A reader sent us a question about Semagix, a semantic search engine. Here’s what we’ve found.
One of the founders was Amit Sheth, whose bio reads:

“Amit Sheth is a Professor at the University of Georgia and CTO of Semagix, Inc. He started the LSDIS lab at Georgia in 1994. Earlier he served in R&D groups at Bellcore, Unisys, and Honeywell. He founded his second company, Taalee, in 1999 based on technology developed at the LSDIS lab, and managed it as CEO until June 2001. Following Taalee’s acquisition/merger, he currently serves as CTO and a co-founder of Semagix, Inc. His research has led to three significant commercial products, several deployed applications and over 150 publications”

According to Bloomberg Businessweek, the company is alive and kicking:

“As of June 28, 2006, Semagix, Inc. was acquired by Fortent, Inc. Semagix, Inc. provides semantic metadata management solutions to enterprises and government institutions. It provides know your customer and due diligence products. The company’s know your customer solution allows financial institutions in identify, verify, and enhance due diligence processes. It has offices in the United States and Europe. Semagix was founded in 1996 as Protégé, Ltd. and changed its name to Semagix, Inc. in 2002.”

The company’s Web site is at www.semagix.com .
If anyone has more info, please use the comments section of this blog to amplify these sparse findings.

Cynthia Murrell, June 19, 2011

Sponsored by ArnoldIT.com, the resource for enterprise search information and current news about data fusion

Need Your Own Mini Watson?

June 18, 2011

Tony Pearson at IBM’s developerWorks explains “IBM Watson—How to Build Your Own ‘Watson Jr.’ in Your Basement.” Well, if we can build Watson in our basement, why do we need IBM?

This famous innovation is uniquely positioned for copying. Unlike many other prototypes in the tech universe, Watson:

. . . was made mostly from commercially available hardware, software and information resources. As several have noted, the 1TB of data used to search for answers could fit on a single USB drive that you buy at your local computer store.

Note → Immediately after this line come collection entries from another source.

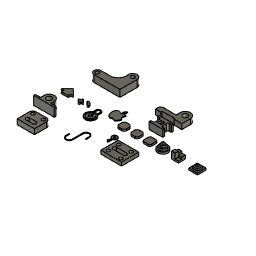
4~10 v4 (Autodesk Fusion 360 design; units mm, degrees)
Autodesk Fusion 360 part; units mm, degrees
note: some values were not read from the file. Set by a fixed rule: which sketch regions a step uses.
sketch "스케치1" plane through (0, 0, 0) normal (0, 0, 1) x (1, 0, 0)
  line L0 (-16, 16) -> (16, 16)
  line L1 (16, 16) -> (16, -16)
  line L2 (16, -16) -> (-16, -16)
  line L3 (-16, -16) -> (-16, 16)
  line L4 (-16, 16) -> (16, -16) construction
  line L5 (16, 16) -> (-16, -16) construction
  circle A0 centre (-16, 16) radius 17
  line L6 (-13, 13) -> (13, 13)
  line L7 (13, 13) -> (13, -13)
  line L8 (13, -13) -> (-13, -13)
  line L9 (-13, -13) -> (-13, 13)
  line L10 (-13, 13) -> (13, -13) construction
  line L11 (13, 13) -> (-13, -13) construction
  circle A1 centre (-13, -13) radius 12
  arc A2 (-32.6238, 19.5565) -> (-22.3496, -20.5223) centre (16.6071, 10.8206) ccw
  circle A3 centre (13, -13) radius 12
  circle A4 centre (0, -30.7482) radius 10
  circle A5 centre (16, 16) radius 17
  circle A6 centre (0, 37.7486) radius 10
  arc A7 (23.2744, -19.1998) -> (32.5898, 19.7118) centre (-16.632, 10.9247) ccw
  circle A8 centre (40, 16) radius 18
  arc A9 (-5.9259, 29.6935) -> (5.9259, 29.6935) centre (0, 37.7486) ccw
  arc A10 (5.9091, -22.6809) -> (-5.9091, -22.6809) centre (0, -30.7482) ccw
  dimension "d1" = 32
  dimension "d2" = 32
  dimension "d3" = 34
  dimension "d4" = 26
  dimension "d5" = 26
  dimension "d6" = 24
  dimension "d7" = 50
  dimension "d9" = 24
  dimension "d14" = 20
  dimension "d15" = 34
  dimension "d16" = 20
  dimension "d17" = 50
  dimension "d18" = 36
  dimension "d19" = 24
  dimension "d20" = 32
  constraint horizontal L0
  constraint perpendicular L0 L1
  constraint parallel L0 L2
  constraint parallel L1 L3
  constraint coincident L4 origin
  constraint coincident L5 origin
  constraint coincident L0.start L3.end
  constraint horizontal L6
  constraint perpendicular L6 L7
  constraint parallel L6 L8
  constraint parallel L7 L9
  constraint coincident L10 origin
  constraint coincident L11 origin
  constraint coincident L8.end L9.start
  constraint tangent A1 A2
  constraint coincident A1 A2.end
  constraint coincident A0 A2.start
  constraint coincident L7.end L8.start
  constraint tangent A3 A4
  constraint tangent A1 A4
  constraint coincident L0.end L1.start
  constraint tangent A0 A6
  constraint tangent A5 A6
  constraint coincident A3 A7.start
  constraint coincident A5 A7.end
  constraint tangent A5 A9
  constraint tangent A0 A9
  constraint coincident A6 A9.end
  constraint coincident A5 A9.end
  constraint coincident A0 A9.start
  constraint tangent A1 A10
  constraint coincident A3 A10.start
  constraint coincident A4 A10.start
  constraint coincident A1 A10.end
  constraint coincident A4 A10.end
  measures "d1" distance of L1.end L2.end
  measures "d2" distance of L0.end L1.end
  measures "d3" diameter of A0
  measures "d4" distance of L7.end L8.end
  measures "d5" distance of L6.end L7.end
  measures "d6" diameter of A1
  measures "d7" radius of A2
  measures "d9" diameter of A3
  measures "d14" diameter of A4
  measures "d15" diameter of A5
  measures "d16" diameter of A6
  measures "d17" radius of A7
  measures "d18" diameter of A8
  measures "d19" distance of L1 A8.centre
  measures "d20" distance of L2 A8.centre
extrude "돌출1" add sketch "스케치1" along normal blind 4 contours L0 L1 A0 A5 A8 | L0 A0 L6 A5 | L0 A0 A5 | L0 L1 A0 L6 L7 A5 | L0 L3 A0 L6 L9 A5 | L0 L3 A0 A2 A5 | A0 A5 A6 A9 | A0 L6 L7 A5 | A0 L6 A5 | L1 A3 A5 A7 A8 | L1 L7 A3 A5 | A0 L6 L9 A5 | A0 L7 L8 L9 A1 A3 A5 | L1 L2 A3 | L1 L2 L7 L8 A3 | L3 A0 L9 A1 | L3 A0 A1 A2 | L7 L8 A3 | L2 L3 L8 L9 A1 | L2 L3 A1 | L8 L9 A1 | L2 A1 A3 A4 A10 | L2 L8 A1 A3 makes body 1
sketch "스케치2" plane through (0, 0, 0) normal (0, 0, 1) x (1, 0, 0)
  arc A0 (-5.9259, 29.6935) -> (-32.6238, 19.5565) centre (-16, 16) ccw
  arc A1 (27.2708, 28.7267) -> (5.9259, 29.6935) centre (16, 16) ccw
  arc A2 (-5.9259, 29.6935) -> (5.9259, 29.6935) centre (0, 37.7486) ccw
  arc A3 (0, 33.006) -> (12.0073, 53.7864) centre (-6.1442, 50.4155) ccw
  arc A4 (12.0073, 53.7864) -> (0, 33.006) centre (21.5511, 34.4126) ccw
  line L0 (-16, 33) -> (16, 33)
  dimension "d24" = 24
  dimension "d35" = 16
  constraint coincident A0 L0.start
  constraint coincident A1 L0.end
  constraint tangent A1 L0
  constraint horizontal L0
  measures "d24" distance of A3.end A3.start
  measures "d35" horizontal distance of A3.start L0.start
extrude "돌출2" add sketch "스케치2" along normal blind 4 separate body contours A3 A4 makes body 2
move_body "이동1" bodies 1 2 to x (1, 0, 0) y (0, 0, 1) z (0, -1, 0) at (0, 37.7486, 22.2514)
sketch "스케치3" plane through (0, 0, 0) normal (0, 0, 1) x (1, 0, 0)
  line L0 (67.5, 22.5) -> (82.5, 22.5)
  line L1 (97.5, 7.5) -> (97.5, -7.5)
  line L2 (82.5, -22.5) -> (67.5, -22.5)
  line L3 (52.5, -7.5) -> (52.5, 7.5)
  line L4 (52.5, 22.5) -> (97.5, -22.5) construction
  line L5 (97.5, 22.5) -> (52.5, -22.5) construction
  arc A0 (67.5, 22.5) -> (52.5, 7.5) centre (67.5, 7.5) ccw
  arc A1 (97.5, 7.5) -> (82.5, 22.5) centre (82.5, 7.5) ccw
  arc A2 (52.5, -7.5) -> (67.5, -22.5) centre (67.5, -7.5) ccw
  arc A3 (82.5, -22.5) -> (97.5, -7.5) centre (82.5, -7.5) ccw
  line L6 (137.5, 22.5) -> (162.5, 22.5)
  line L7 (172.5, 12.5) -> (172.5, -12.5)
  line L8 (162.5, -22.5) -> (137.5, -22.5)
  line L9 (127.5, -12.5) -> (127.5, 12.5)
  line L10 (127.5, 22.5) -> (172.5, -22.5) construction
  line L11 (172.5, 22.5) -> (127.5, -22.5) construction
  line L12 (137.5, 22.5) -> (127.5, 12.5)
  line L13 (162.5, 22.5) -> (172.5, 12.5)
  line L14 (127.5, -12.5) -> (137.5, -22.5)
  line L15 (172.5, -12.5) -> (162.5, -22.5)
  line L16 (207.5, 22.5) -> (237.5, 22.5)
  line L17 (247.5, 17.5) -> (247.5, -12.5)
  line L18 (242.5, -22.5) -> (212.5, -22.5)
  line L19 (202.5, -17.5) -> (202.5, 12.5)
  line L20 (202.5, 22.5) -> (247.5, -22.5) construction
  line L21 (247.5, 22.5) -> (202.5, -22.5) construction
  line L22 (207.5, 22.5) -> (202.5, 12.5)
  line L23 (237.5, 22.5) -> (247.5, 17.5)
  line L24 (202.5, -17.5) -> (212.5, -22.5)
  line L25 (247.5, -12.5) -> (242.5, -22.5)
  point P0 (75, 0)
  point P1 (150, 0)
  point P2 (225, 0)
  dimension "d38" = 45
  dimension "d39" = 45
  dimension "d40" = 15
  dimension "d41" = 15
  dimension "d42" = 15
  dimension "d43" = 15
  dimension "d44" = 45
  dimension "d45" = 45
  dimension "d46" = 10
  dimension "d47" = 10
  dimension "d48" = 10
  dimension "d49" = 10
  dimension "d50" = 10
  dimension "d51" = 10
  dimension "d52" = 10
  dimension "d53" = 10
  dimension "d54" = 45
  dimension "d55" = 45
  dimension "d56" = 5
  dimension "d57" = 10
  dimension "d58" = 10
  dimension "d59" = 5
  dimension "d60" = 5
  dimension "d61" = 10
  dimension "d62" = 10
  dimension "d63" = 5
  constraint horizontal L0
  constraint perpendicular L0 L1
  constraint parallel L0 L2
  constraint parallel L1 L3
  constraint coincident L4 P0
  constraint coincident L5 P0
  constraint coincident L4.start L0
  constraint coincident L4.start L3
  constraint tangent L0 A0
  constraint tangent L3 A0
  constraint coincident L5.start L0
  constraint coincident L5.start L1
  constraint tangent L0 A1
  constraint tangent L1 A1
  constraint coincident L5.end L3
  constraint coincident L5.end L2
  constraint tangent L3 A2
  constraint tangent L2 A2
  constraint coincident L4.end L1
  constraint coincident L4.end L2
  constraint tangent L1 A3
  constraint tangent L2 A3
  constraint horizontal L6
  constraint perpendicular L6 L7
  constraint parallel L6 L8
  constraint parallel L7 L9
  constraint coincident L10 P1
  constraint coincident L11 P1
  constraint coincident L10.start L6
  constraint coincident L10.start L9
  constraint coincident L11.start L6
  constraint coincident L11.start L7
  constraint coincident L11.end L9
  constraint coincident L11.end L8
  constraint coincident L10.end L7
  constraint coincident L10.end L8
  constraint horizontal L16
  constraint perpendicular L16 L17
  constraint parallel L16 L18
  constraint parallel L17 L19
  constraint coincident L20 P2
  constraint coincident L21 P2
  constraint coincident L20.start L16
  constraint coincident L20.start L19
  constraint coincident L21.start L16
  constraint coincident L21.start L17
  constraint coincident L21.end L19
  constraint coincident L21.end L18
  constraint coincident L20.end L17
  constraint coincident L20.end L18
  measures "d38" distance of L4.end L5.end
  measures "d39" distance of L5.start L4.end
  measures "d40" radius of A0
  measures "d41" radius of A1
  measures "d42" radius of A2
  measures "d43" radius of A3
  measures "d44" distance of L10.end L11.end
  measures "d45" distance of L11.start L10.end
  measures "d46" distance of L10.start L6.start
  measures "d47" distance of L10.start L9.end
  measures "d48" distance of L11.start L6.end
  measures "d49" distance of L11.start L7.start
  measures "d50" distance of L11.end L9.start
  measures "d51" distance of L11.end L8.end
  measures "d52" distance of L10.end L7.end
  measures "d53" distance of L10.end L8.start
  measures "d54" distance of L20.end L21.end
  measures "d55" distance of L21.start L20.end
  measures "d56" distance of L20.start L16.start
  measures "d57" distance of L20.start L19.end
  measures "d58" distance of L21.start L16.end
  measures "d59" distance of L21.start L17.start
  measures "d60" distance of L21.end L19.start
  measures "d61" distance of L21.end L18.end
  measures "d62" distance of L20.end L17.end
  measures "d63" distance of L20.end L18.start
extrude "돌출3" add sketch "스케치3" along normal blind 10 separate body makes body 3 at (67.5, 2.5, 0) makes body 4 at (145.8333, 0.8333, 0) makes body 5 at (217.5, 4.1667, 0)
move_body "이동2" bodies 1 2 to x (1, 0, 0) y (0, 0, -1) z (0, 1, 0) at (0, 7.3096, 40.1875)
sketch "스케치4" plane through (0, 0, 0) normal (0, 0, 1) x (1, 0, 0)
  arc A0 (-140, -0.0033) -> (-150.0007, 9.99) centre (-150, -0.01) ccw
  arc A1 (-140, -0.0033) -> (-130, 0.0033) centre (-135, 0) ccw
  arc A2 (-130, 0.0033) -> (-150.0013, 19.99) centre (-150, -0.01) ccw
  arc A3 (-150.0013, 19.99) -> (-150.0007, 9.99) centre (-150.001, 14.99) ccw
  arc A4 (-135, 0) -> (-150.001, 14.99) centre (-150, -0.01) ccw construction
  line L0 (-181.1396, 10.4396) -> (-181.1396, -9.5604)
  arc A5 (-181.1396, -9.5604) -> (-171.1396, -9.5604) centre (-176.1396, -9.5604) ccw
  line L1 (-171.1396, -9.5604) -> (-171.1396, 10.4396)
  arc A6 (-171.1396, 10.4396) -> (-181.1396, 10.4396) centre (-176.1396, 10.4396) ccw
  line L2 (-176.1396, 10.4396) -> (-176.1396, -9.5604) construction
  line L3 (-186.1396, -4.5604) -> (-166.1396, -4.5604)
  arc A7 (-166.1396, -4.5604) -> (-166.1396, 5.4396) centre (-166.1396, 0.4396) ccw
  line L4 (-166.1396, 5.4396) -> (-186.1396, 5.4396)
  arc A8 (-186.1396, 5.4396) -> (-186.1396, -4.5604) centre (-186.1396, 0.4396) ccw
  line L5 (-186.1396, 0.4396) -> (-166.1396, 0.4396) construction
  line L6 (-258.7146, 39.3952) -> (-293.7146, 4.3952)
  line L7 (-293.7146, 4.3952) -> (-278.7146, 4.3952)
  line L8 (-278.7146, 4.3952) -> (-278.7146, -10.6048)
  line L9 (-278.7146, -10.6048) -> (-238.7146, -10.6048)
  line L10 (-238.7146, -10.6048) -> (-238.7146, 4.3952)
  line L11 (-238.7146, 4.3952) -> (-223.7146, 4.3952)
  line L12 (-223.7146, 4.3952) -> (-258.7146, 39.3952)
  point P0 (-176.1396, 0.4396)
  point P1 (-176.1396, 0.4396)
  dimension "d66" = 15
  dimension "d67" = 5
  dimension "d68" = 10
  dimension "d69" = 20
  dimension "d70" = 20
  dimension "d71" = 10
  dimension "d74" = 15
  dimension "d75" = 15
  dimension "d76" = 15
  dimension "d77" = 15
  dimension "d78" = 40
  constraint tangent A0 A1
  constraint tangent A1 A2
  constraint tangent A2 A3
  constraint tangent A0 A3
  constraint tangent L0 A5
  constraint tangent A5 L1
  constraint parallel L0 L1
  constraint tangent L1 A6
  constraint tangent L0 A6
  constraint vertical L2
  constraint midpoint L2 P1
  constraint tangent L3 A7
  constraint tangent A7 L4
  constraint parallel L3 L4
  constraint tangent L4 A8
  constraint tangent L3 A8
  constraint horizontal L5
  constraint midpoint L5 P1
  constraint horizontal L7
  constraint perpendicular L7 L8
  constraint perpendicular L8 L9
  constraint perpendicular L9 L10
  constraint perpendicular L8 L11
  constraint perpendicular L6 L12
  constraint equal L6 L12
  measures "d66" radius of A4
  measures "d67" radius of A1
  measures "d68" diameter of A5
  measures "d69" distance of A6.centre A5.centre
  measures "d70" distance of A8.centre A7.centre
  measures "d71" diameter of A7
  measures "d74" distance of L6.end L7.end
  measures "d75" distance of L10.end L11.end
  measures "d76" distance of L9.end L10.end
  measures "d77" distance of L7.end L8.end
  measures "d78" distance of L8.end L9.end
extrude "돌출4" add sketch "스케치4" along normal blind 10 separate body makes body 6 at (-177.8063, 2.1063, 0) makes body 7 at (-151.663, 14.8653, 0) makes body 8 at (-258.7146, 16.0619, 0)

Pearson actually describes how to build what he calls “Watson Jr.”, a scaled down version of the Jeopardy-winning A.I. The servers for the original, though as efficient as possible, require a LOT of electricity. To make the project more manageable for hobbyists, this version sacrifices game strategy and search optimization and makes speech synthesis optional.

Step-by-step directions describe exactly how to develop your own little answer machine. You can put it right next to that Zenith STOL CH 801 airplane you built and could not get out of your workshop.

Cynthia Murrell June 18, 2011

Sponsored by ArnoldIT.com, the resource for enterprise search information and current news about data fusion

Expert System Is on the Move

June 15, 2011

The way consumers and enterprises are accessing information is changing. Not only is there a need to access and manage information stored in the traditional internal sources, but organizations must be able to effectively manage and capture intelligence from the streams of information coming in from every direction. Without semantic technology, traditional enterprise search is unable to extract value from the stream, which means leaving a great deal of critical information behind. We learned from a recent Expert System news release:

With the overwhelming amount of information available today, there is an unprecedented need to be able to cut through the noise and capture the information that is most important to you,” said Luca Scagliarini, VP of Strategy and Business Development at Expert System. “Semantic is the only technology that can really help companies take advantage of all the information available via the real-time web, and it’s the only technology that will be able to filter the noise for the conversations, the patterns and sentiment that is important to you.

Expert System is positioning itself as a way to deliver enterprise search by intercepting the critical and the relevant from all the streams of information available. By combining the benefits of semantic tagging and semantic-based text comprehension, Cogito SEE allows the enterprise to leverage all the information organizations have access to and require to drive business strategies. New features include:

  • A point of access to structured and unstructured information including newsfeeds, social networks and other internet sources.
  • An interface that enables intuitive, visual navigation of tags, facets, as well as interaction with search results to discover new connections and data.
  • Semantic search capability for multilanguage content.
  • Automatic and customizable report generation to monitor and share evolving search details and results.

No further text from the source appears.